何て言うのかな。大好きで、泣かせたくない人を一人作っておくんだ。二十歳もとっくに過ぎた男が何を恥ずかしいことをって浅葱が笑いたいんなら笑ってくれていいんだけどさ。俺、これだけは譲れない。そうしないと駄目なんだって、昔、気付いた。でないと生き方がどんどんデタラメになって、だらしなくなる。俺、怖いよ。自分が何に対しても夢中になれない、執着できないっていう今の状態。 

 

ー中略ー

 

人間てのは、大好きな人が一人は絶対に必要で、それを巻き込んでいないと駄目なんだ。
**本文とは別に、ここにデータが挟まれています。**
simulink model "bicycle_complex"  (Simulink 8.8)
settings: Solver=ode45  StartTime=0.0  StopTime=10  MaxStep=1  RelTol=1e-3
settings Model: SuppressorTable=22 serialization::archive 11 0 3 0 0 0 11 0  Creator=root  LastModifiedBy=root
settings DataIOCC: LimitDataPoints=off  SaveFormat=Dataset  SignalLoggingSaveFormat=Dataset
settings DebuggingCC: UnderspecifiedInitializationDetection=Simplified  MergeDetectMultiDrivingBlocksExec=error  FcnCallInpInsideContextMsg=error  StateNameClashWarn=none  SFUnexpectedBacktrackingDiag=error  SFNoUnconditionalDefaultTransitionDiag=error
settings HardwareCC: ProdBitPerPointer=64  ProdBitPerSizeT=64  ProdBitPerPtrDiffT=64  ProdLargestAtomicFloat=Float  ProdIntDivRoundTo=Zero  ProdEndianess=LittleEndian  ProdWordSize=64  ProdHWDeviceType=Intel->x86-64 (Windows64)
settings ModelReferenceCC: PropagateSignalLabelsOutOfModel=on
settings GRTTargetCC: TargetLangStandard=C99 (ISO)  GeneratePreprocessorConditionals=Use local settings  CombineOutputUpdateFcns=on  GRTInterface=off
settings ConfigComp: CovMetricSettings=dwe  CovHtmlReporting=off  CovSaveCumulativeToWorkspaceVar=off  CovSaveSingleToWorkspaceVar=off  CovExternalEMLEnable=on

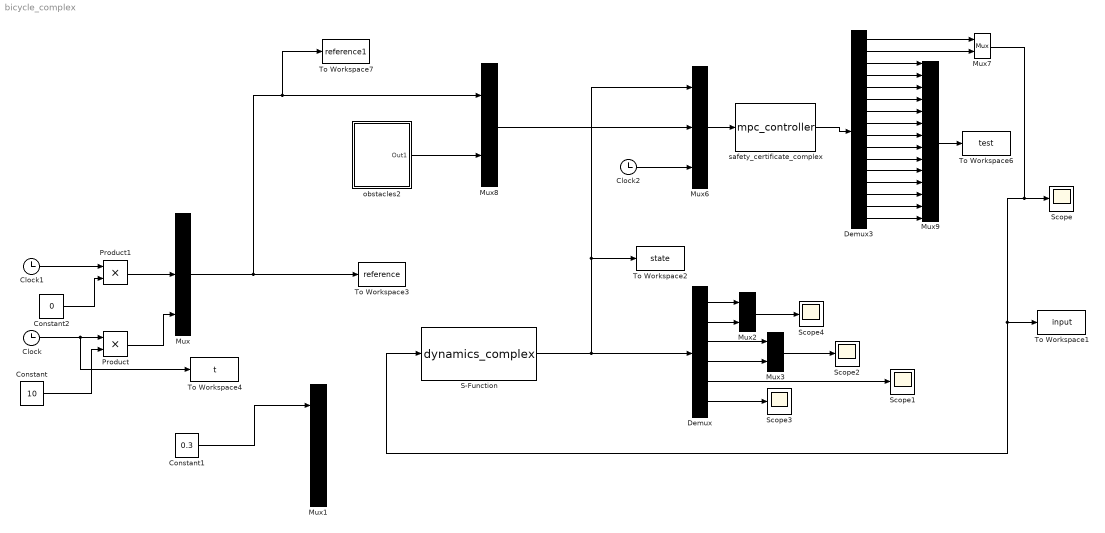
== system bicycle_complex ==
  Clock : Clock
  Clock1 : Clock
  Clock2 : Clock
  Constant : Constant  Value=10
  Constant1 : Constant  Value=0.3
  Constant2 : Constant  Value=0
  Demux : Demux  Outputs=6
  Demux3 : Demux  Outputs=16
  Mux : Mux  Inputs=3
  Mux1 : Mux  Inputs=3
  Mux{2..3,7..8} (4 alike) : Mux  Inputs=2
  Mux6 : Mux  Inputs=3
  Mux9 : Mux  Inputs=14
  Product : Product
  Product1 : Product
  S-Function : S-Function  FunctionName=dynamics_complex  SFunctionDeploymentMode=off  EnableBusSupport=off
  Scope{,1..4} (5 alike) : Scope
  To Workspace1 : ToWorkspace  VariableName=input  SampleTime=-1
  To Workspace2 : ToWorkspace  VariableName=state  SampleTime=-1
  To Workspace3 : ToWorkspace  VariableName=reference  SampleTime=-1
  To Workspace4 : ToWorkspace  VariableName=t  SampleTime=-1
  To Workspace6 : ToWorkspace  VariableName=test  SampleTime=-1
  To Workspace7 : ToWorkspace  VariableName=reference1  SampleTime=-1
  obstacles2 : Subsystem
  safety_certificate_complex : MATLABFcn  MATLABFcn=mpc_controller  OutputDimensions=16
  wires:
  Mux/1 -> To Workspace7/1, Mux8/1, To Workspace3/1
  S-Function/1 -> Demux/1, To Workspace2/1, Mux6/1
  Demux/1 -> Mux2/1
  Demux/2 -> Mux2/2
  Demux/3 -> Mux3/1
  Demux/4 -> Mux3/2
  Mux2/1 -> Scope4/1
  Mux3/1 -> Scope2/1
  Clock/1 -> To Workspace4/1, Product/1
  Constant/1 -> Product/2
  Constant2/1 -> Product1/2
  Clock1/1 -> Product1/1
  Mux6/1 -> safety_certificate_complex/1
  safety_certificate_complex/1 -> Demux3/1
  Demux3/1 -> Mux7/1
  Demux3/2 -> Mux7/2
  Mux7/1 -> Scope/1, To Workspace1/1, S-Function/1
  obstacles2/1(Out1) -> Mux8/2
  Mux9/1 -> To Workspace6/1
  Clock2/1 -> Mux6/3
  Product/1 -> Mux/3
  Product1/1 -> Mux/2
  Constant1/1 -> Mux1/1
  Demux/5 -> Scope1/1
  Demux/6 -> Scope3/1
  Mux8/1 -> Mux6/2
  Demux3/3 -> Mux9/1
  Demux3/4 -> Mux9/2
  Demux3/5 -> Mux9/3
  Demux3/6 -> Mux9/4
  Demux3/7 -> Mux9/5
  Demux3/8 -> Mux9/6
  Demux3/9 -> Mux9/7
  Demux3/10 -> Mux9/8
  Demux3/11 -> Mux9/9
  Demux3/12 -> Mux9/10
  Demux3/15 -> Mux9/13
  Demux3/14 -> Mux9/12
  Demux3/13 -> Mux9/11
  Demux3/16 -> Mux9/14

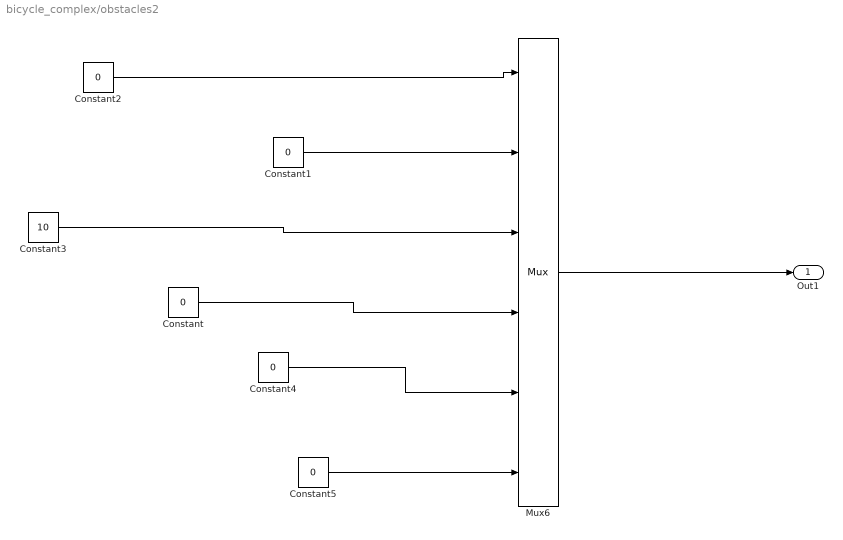
== system bicycle_complex/obstacles2 ==
  Constant{,1..2,4..5} (5 alike) : Constant  Value=0
  Constant3 : Constant  Value=10
  Mux6 : Mux  Inputs=6
  Out1 : Outport
  wires:
  Constant3/1 -> Mux6/3
  Constant1/1 -> Mux6/2
  Constant/1 -> Mux6/4
  Constant2/1 -> Mux6/1
  Mux6/1 -> Out1/1
  Constant4/1 -> Mux6/5
  Constant5/1 -> Mux6/6

そうでないと歯止めがかからない。

 

 

 

時折、人生のすべてを投げ出してしまいたくなる時があります。

家族も、友達も、今の仕事も、住んでいる場所も、彼氏も、すべて。

自分のことを誰も知らない、今まで行ったことも知りもしない場所に行って

1人になってしまいたい。

そう思う時があります。

でも、多分私たち人間にとっての希望って、同じく人間なんですよね。

どんなに良いものを買ったって、どんなにおいしいものを食べたって、

きっと、自分を必要としてくれる人には敵わない。

 

人は時に私たちを縛るけれど、人との関りの中で「自由」を得るときもあります。

 

趣味を持つこと、好きなことを仕事にすること。

それらも私たちの生活に潤いを持たすのは間違いないですが、

一番はやはり人との関りで、何としても大切にしたい人がいることではないでしょうか。

それは、彼氏彼女に縛られず、家族であったり、親友であったり、様々だと思います。

 

『この人だけは、失いたくない』

 

そう思える人がいるだけでどれだけ生きる活力になるか。

私たち人間にあるべき希望は、人との関りの中で生まれるのかもしれないと

今回の作品を読んで思いました。

 

 

 

 

ーーー

最後に

ーーー

 

 

今回の作品は、ホラー要素もあって正直怖いです。

殺人現場の様子が、生々しく書かれているため、ホラーが苦手な人は

少し読むのが辛いかもしれません。

私も、実はいうとホラーが苦手で、この本を読み終わった日は

夜怖くて眠れませんでした…(笑)

 

それでも、人の過去がもたらす生き方や考え方、大人とは何なのか、

生きるとは何なのか、様々なことを教えてくれる作品です。

 

ミステリー要素もあって、今回で読んだのは二度目でしたが

理解するのに時間がかかりました。

途中まで、完全に騙されていたし、騙されていたからこそ、

最後が悲しい。

 

 

 

 

ぜひご一読ください。

最後まで読んでいただきありがとうございました。